((

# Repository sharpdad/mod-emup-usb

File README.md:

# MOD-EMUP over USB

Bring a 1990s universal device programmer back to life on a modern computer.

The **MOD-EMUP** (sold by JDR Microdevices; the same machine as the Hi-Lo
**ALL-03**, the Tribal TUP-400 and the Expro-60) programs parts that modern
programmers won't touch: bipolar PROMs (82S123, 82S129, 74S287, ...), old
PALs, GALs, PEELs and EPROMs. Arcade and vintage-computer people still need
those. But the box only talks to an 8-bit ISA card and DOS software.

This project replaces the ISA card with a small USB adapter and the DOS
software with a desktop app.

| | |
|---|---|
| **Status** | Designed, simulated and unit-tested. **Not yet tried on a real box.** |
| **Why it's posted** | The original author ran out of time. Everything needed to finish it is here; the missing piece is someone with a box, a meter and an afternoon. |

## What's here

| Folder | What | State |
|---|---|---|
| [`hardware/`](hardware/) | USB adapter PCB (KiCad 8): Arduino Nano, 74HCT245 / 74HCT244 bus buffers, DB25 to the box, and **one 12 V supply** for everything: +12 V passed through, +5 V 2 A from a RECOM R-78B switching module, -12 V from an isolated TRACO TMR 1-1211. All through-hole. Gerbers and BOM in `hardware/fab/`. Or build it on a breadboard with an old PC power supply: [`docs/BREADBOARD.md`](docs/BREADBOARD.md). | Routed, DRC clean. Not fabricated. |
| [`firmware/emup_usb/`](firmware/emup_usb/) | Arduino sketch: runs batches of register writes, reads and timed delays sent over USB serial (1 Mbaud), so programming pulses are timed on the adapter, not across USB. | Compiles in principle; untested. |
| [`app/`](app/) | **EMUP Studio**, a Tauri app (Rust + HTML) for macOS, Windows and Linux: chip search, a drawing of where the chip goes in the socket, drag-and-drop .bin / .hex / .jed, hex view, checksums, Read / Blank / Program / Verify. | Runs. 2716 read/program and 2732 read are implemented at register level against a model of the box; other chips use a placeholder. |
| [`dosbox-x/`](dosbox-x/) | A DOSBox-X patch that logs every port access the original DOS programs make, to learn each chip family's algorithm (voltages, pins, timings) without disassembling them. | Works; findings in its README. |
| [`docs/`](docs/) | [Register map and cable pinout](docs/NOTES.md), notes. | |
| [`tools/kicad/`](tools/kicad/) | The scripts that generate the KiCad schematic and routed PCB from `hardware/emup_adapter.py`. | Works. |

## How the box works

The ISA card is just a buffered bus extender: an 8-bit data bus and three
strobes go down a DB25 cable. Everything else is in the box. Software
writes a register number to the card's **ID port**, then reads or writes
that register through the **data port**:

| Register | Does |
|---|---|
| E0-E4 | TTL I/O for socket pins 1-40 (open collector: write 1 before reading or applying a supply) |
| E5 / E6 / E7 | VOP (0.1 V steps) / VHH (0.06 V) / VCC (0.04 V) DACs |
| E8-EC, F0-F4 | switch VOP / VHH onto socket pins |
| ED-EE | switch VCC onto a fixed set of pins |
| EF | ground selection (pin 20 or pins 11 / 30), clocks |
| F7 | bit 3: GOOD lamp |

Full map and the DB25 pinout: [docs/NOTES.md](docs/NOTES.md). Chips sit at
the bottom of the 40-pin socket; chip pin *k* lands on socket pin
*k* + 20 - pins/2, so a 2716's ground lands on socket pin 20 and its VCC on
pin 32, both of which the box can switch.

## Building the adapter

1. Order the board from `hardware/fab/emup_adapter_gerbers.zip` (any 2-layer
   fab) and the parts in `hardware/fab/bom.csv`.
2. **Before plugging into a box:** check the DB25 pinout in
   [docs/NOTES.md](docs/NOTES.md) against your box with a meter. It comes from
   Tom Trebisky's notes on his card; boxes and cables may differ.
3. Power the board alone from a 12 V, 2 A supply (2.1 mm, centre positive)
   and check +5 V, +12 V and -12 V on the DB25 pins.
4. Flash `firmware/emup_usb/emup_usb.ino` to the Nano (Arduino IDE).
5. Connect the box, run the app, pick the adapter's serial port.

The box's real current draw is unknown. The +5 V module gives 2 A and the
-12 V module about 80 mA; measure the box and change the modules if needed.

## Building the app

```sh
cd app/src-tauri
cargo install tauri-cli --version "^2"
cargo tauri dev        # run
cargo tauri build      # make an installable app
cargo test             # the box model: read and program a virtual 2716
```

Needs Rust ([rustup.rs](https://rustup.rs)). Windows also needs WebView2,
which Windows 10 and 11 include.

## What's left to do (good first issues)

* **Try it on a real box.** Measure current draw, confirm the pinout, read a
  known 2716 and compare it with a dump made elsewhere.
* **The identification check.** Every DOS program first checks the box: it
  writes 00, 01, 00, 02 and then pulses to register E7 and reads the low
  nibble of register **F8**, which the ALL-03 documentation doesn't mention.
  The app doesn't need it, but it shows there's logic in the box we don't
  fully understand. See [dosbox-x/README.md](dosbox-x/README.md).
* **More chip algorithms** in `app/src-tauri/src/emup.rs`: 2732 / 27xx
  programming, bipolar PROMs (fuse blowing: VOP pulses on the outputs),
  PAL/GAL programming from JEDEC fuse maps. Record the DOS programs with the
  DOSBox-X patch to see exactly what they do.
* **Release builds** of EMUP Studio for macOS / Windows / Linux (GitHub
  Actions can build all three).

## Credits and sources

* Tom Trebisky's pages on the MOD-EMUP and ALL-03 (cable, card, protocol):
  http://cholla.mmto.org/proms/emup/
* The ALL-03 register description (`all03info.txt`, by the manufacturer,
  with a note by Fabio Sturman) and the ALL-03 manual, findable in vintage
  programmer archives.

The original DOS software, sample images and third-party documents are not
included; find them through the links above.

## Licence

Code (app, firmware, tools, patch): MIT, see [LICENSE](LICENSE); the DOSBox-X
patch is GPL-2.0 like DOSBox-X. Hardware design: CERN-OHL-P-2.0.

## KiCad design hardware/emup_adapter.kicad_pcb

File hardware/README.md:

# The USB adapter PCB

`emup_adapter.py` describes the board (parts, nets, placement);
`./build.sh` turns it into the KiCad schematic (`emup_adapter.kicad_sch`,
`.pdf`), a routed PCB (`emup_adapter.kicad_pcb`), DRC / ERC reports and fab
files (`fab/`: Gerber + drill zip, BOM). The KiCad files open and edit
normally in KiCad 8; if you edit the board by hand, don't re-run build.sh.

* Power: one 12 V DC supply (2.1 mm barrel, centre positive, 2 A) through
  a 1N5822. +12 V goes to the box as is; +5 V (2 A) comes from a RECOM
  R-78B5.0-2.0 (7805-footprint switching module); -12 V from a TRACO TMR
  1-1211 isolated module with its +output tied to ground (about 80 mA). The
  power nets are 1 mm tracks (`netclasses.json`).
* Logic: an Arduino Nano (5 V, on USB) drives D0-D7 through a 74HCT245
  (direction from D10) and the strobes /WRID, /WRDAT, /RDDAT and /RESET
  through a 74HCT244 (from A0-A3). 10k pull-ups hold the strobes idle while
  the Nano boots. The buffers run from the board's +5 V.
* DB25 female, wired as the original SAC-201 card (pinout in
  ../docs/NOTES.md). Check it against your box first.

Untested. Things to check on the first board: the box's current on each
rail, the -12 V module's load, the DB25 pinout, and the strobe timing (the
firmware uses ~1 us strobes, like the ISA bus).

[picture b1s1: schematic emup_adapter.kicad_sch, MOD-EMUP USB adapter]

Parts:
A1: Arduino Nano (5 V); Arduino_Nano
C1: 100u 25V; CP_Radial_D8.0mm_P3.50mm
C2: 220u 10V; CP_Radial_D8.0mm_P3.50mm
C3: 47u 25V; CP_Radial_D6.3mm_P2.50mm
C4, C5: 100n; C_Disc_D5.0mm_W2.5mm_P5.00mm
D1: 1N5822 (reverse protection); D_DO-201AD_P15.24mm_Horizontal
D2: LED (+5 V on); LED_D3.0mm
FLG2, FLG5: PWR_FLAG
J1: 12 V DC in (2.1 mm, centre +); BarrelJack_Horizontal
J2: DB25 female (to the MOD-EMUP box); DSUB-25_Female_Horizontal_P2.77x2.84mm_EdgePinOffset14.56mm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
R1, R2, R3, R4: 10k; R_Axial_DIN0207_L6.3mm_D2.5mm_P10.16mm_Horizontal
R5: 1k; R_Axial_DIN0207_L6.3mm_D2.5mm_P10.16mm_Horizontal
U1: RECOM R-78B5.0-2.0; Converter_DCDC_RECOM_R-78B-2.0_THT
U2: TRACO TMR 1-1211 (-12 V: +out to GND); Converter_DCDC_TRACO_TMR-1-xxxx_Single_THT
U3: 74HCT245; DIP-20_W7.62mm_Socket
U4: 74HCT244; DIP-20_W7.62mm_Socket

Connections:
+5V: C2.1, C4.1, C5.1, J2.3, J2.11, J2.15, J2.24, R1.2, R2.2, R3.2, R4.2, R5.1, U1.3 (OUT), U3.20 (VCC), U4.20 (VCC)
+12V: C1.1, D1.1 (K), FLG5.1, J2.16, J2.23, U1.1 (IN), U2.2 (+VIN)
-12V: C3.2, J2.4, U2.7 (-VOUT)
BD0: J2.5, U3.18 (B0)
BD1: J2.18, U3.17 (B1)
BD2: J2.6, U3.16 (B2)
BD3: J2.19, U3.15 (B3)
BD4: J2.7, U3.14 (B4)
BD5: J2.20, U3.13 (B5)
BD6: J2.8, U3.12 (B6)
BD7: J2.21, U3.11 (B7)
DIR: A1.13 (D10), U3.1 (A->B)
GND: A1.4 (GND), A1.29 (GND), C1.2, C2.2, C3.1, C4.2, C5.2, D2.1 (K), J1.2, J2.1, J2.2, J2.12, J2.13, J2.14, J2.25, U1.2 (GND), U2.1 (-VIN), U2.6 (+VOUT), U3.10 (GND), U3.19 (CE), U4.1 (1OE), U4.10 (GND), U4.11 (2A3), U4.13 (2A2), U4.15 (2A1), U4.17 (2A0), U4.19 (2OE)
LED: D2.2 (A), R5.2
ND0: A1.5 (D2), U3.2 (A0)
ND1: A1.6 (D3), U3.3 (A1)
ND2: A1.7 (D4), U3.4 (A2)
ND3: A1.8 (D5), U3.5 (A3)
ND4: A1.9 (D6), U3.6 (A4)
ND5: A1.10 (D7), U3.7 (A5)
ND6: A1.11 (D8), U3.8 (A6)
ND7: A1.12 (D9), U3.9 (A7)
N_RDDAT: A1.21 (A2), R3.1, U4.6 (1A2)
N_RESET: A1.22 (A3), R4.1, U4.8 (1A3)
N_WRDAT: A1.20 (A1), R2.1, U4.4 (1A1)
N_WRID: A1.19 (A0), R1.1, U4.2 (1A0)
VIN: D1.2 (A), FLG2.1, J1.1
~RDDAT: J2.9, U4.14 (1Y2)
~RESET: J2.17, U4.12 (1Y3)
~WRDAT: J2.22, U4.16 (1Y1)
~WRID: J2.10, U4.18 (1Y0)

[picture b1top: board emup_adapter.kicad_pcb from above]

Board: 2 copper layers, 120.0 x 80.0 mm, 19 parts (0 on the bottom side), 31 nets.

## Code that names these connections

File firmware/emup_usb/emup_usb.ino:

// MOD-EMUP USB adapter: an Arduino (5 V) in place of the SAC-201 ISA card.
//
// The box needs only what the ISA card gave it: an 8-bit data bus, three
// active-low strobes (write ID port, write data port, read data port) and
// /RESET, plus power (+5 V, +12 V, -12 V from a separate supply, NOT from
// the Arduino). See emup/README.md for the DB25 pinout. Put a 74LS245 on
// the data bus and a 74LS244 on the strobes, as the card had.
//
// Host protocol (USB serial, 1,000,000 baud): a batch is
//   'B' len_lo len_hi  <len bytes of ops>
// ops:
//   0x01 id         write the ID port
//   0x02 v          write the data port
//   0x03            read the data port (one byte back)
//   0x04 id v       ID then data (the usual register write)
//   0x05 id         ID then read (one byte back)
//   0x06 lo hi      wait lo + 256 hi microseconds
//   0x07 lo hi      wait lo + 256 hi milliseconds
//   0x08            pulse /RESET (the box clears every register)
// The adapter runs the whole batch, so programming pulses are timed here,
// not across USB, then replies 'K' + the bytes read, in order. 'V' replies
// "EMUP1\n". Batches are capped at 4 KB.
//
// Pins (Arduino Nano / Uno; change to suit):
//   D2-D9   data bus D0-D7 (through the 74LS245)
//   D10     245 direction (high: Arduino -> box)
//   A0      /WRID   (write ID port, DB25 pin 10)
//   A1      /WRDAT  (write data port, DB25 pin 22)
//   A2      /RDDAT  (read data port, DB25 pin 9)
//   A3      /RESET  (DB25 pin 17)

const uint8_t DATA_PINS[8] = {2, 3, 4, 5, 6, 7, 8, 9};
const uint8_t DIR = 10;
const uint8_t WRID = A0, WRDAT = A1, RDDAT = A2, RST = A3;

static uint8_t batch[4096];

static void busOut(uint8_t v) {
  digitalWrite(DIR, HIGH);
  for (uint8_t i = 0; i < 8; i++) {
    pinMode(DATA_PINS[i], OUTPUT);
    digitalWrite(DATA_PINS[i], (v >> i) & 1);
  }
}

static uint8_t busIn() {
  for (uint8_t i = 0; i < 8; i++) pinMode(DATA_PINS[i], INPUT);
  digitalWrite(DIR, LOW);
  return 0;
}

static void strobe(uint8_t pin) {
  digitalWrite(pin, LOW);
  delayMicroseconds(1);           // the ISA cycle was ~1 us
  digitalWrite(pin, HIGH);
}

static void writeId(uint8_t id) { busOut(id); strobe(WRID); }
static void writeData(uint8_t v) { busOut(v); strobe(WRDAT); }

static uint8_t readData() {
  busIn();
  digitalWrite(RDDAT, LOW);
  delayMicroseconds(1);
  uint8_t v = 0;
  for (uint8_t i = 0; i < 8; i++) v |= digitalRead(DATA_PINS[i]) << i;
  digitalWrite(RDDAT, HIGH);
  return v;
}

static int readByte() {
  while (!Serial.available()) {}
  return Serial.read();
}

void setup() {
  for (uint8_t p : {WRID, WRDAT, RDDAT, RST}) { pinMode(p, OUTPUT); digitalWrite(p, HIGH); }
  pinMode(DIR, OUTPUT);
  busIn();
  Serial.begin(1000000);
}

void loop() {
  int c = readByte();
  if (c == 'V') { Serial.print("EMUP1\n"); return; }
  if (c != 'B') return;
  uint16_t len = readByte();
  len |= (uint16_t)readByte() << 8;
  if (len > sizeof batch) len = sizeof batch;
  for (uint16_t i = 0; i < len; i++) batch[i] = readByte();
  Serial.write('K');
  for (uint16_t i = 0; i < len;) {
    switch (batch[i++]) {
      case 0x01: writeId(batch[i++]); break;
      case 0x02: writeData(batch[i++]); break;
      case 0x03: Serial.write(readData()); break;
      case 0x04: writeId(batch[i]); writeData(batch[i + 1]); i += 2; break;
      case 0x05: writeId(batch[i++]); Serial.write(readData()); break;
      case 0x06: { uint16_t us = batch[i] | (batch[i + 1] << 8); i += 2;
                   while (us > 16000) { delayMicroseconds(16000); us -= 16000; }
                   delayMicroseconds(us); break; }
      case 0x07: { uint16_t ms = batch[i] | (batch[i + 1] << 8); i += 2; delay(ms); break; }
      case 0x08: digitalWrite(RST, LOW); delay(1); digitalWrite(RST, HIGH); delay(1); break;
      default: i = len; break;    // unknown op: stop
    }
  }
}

))

To do | How many of the listing's lines include "reads"? State only that number.

Response to this task | 3